The road is only leading downhill until Blake meets the woman he hopes will save him, and gets a leg up from the country superstar who got started in his band.

Based on the novel by Thomas Cobb and directed and scripted by Scott Cooper, a newcomer with an eye for the natural beauty of the film’s Southwest setting, Crazy Heart is the story of a rolling stone on a lost highway, a talented singer-songwriter paying the price for living out the lyrics of his own songs.

Interviewed by a small-town reporter with a fetching smile, Jean (Maggie Gyllenhaal), Blake refuses to discuss his broken marriages or his broken relationship with Tommy Sweet (Colin Farrell), the singer he launched into stardom. Soon enough he falls in love with Jean, played by Gyllenhaal like a coy ray of sunshine, and is offered the opening slot in an arena show by his one-time protégé. The road to happiness, however, won’t run in a straight line for Blake.
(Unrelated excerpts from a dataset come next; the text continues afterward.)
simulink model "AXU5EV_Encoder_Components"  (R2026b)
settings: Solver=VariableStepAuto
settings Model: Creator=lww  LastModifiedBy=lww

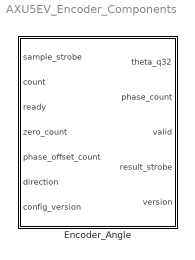
== system AXU5EV_Encoder_Components ==
  Encoder_Angle : Subsystem

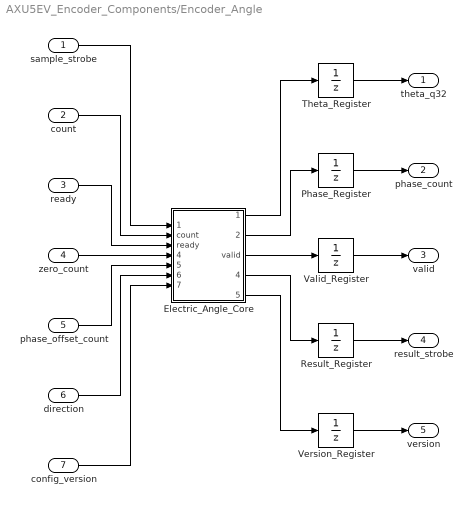
== system AXU5EV_Encoder_Components/Encoder_Angle ==
  sample_strobe : Inport  OutDataTypeStr=boolean  SampleTime=2e-8
  count : Inport  Port=2  OutDataTypeStr=uint32  SampleTime=2e-8
  ready : Inport  Port=3  OutDataTypeStr=boolean  SampleTime=2e-8
  zero_count : Inport  Port=4  OutDataTypeStr=uint32  SampleTime=2e-8
  phase_offset_count : Inport  Port=5  OutDataTypeStr=uint16  SampleTime=2e-8
  direction : Inport  Port=6  OutDataTypeStr=boolean  SampleTime=2e-8
  config_version : Inport  Port=7  OutDataTypeStr=uint32  SampleTime=2e-8
  Electric_Angle_Core : MATLAB Function  TreatAsAtomicUnit=on
  Phase_Register : UnitDelay  SampleTime=2e-8
  Result_Register : UnitDelay  SampleTime=2e-8
  Theta_Register : UnitDelay  SampleTime=2e-8
  Valid_Register : UnitDelay  SampleTime=2e-8
  Version_Register : UnitDelay  SampleTime=2e-8
  theta_q32 : Outport
  phase_count : Outport  Port=2
  valid : Outport  Port=3
  result_strobe : Outport  Port=4
  version : Outport  Port=5
  wires:
  Version_Register/1 -> version/1
  Result_Register/1 -> result_strobe/1
  Valid_Register/1 -> valid/1
  Phase_Register/1 -> phase_count/1
  Theta_Register/1 -> theta_q32/1
  Electric_Angle_Core/1(theta_q32) -> Theta_Register/1
  sample_strobe/1 -> Electric_Angle_Core/1(sample_strobe)
  count/1 -> Electric_Angle_Core/2(count)
  ready/1 -> Electric_Angle_Core/3(ready)
  zero_count/1 -> Electric_Angle_Core/4(zero_count)
  phase_offset_count/1 -> Electric_Angle_Core/5(phase_offset_count)
  direction/1 -> Electric_Angle_Core/6(direction)
  config_version/1 -> Electric_Angle_Core/7(config_version)
  Electric_Angle_Core/2(phase_count) -> Phase_Register/1
  Electric_Angle_Core/3(valid) -> Valid_Register/1
  Electric_Angle_Core/4(result_strobe) -> Result_Register/1
  Electric_Angle_Core/5(version) -> Version_Register/1

== matlab function AXU5EV_Encoder_Components/Encoder_Angle/Electric_Angle_Core ==
  data: sample_strobe input; theta_q32 output; count input; ready input; zero_count input; phase_offset_count input; direction input; config_version input; phase_count output; valid output; result_strobe output; version output
function [theta_q32,phase_count,valid,result_strobe,version] = f(sample_strobe,count,ready,zero_count,phase_offset_count,direction,config_version)
%#codegen
[theta_q32,phase_count,valid,result_strobe,version]=encoder_angle_step(sample_strobe,count,ready,zero_count,phase_offset_count,direction,config_version);
end

Supported by a capable cast (with Robert Duvall as Blake’s fishing buddy), a solid screenplay and a batch of good songs by T-Bone Burnett, Bridges dominates Crazy Heart both as actor and singer. He portrays Blake as a wiry old rooster, tired but too tough and shortsighted to stop his life from going off the road and into the ditch. Despite moments of dry comedy, Crazy Heart is a redemption story that argues convincingly—by narrowly sidestepping the Hollywood clichés—that even the crustiest soul can be warmed by the light of people who care.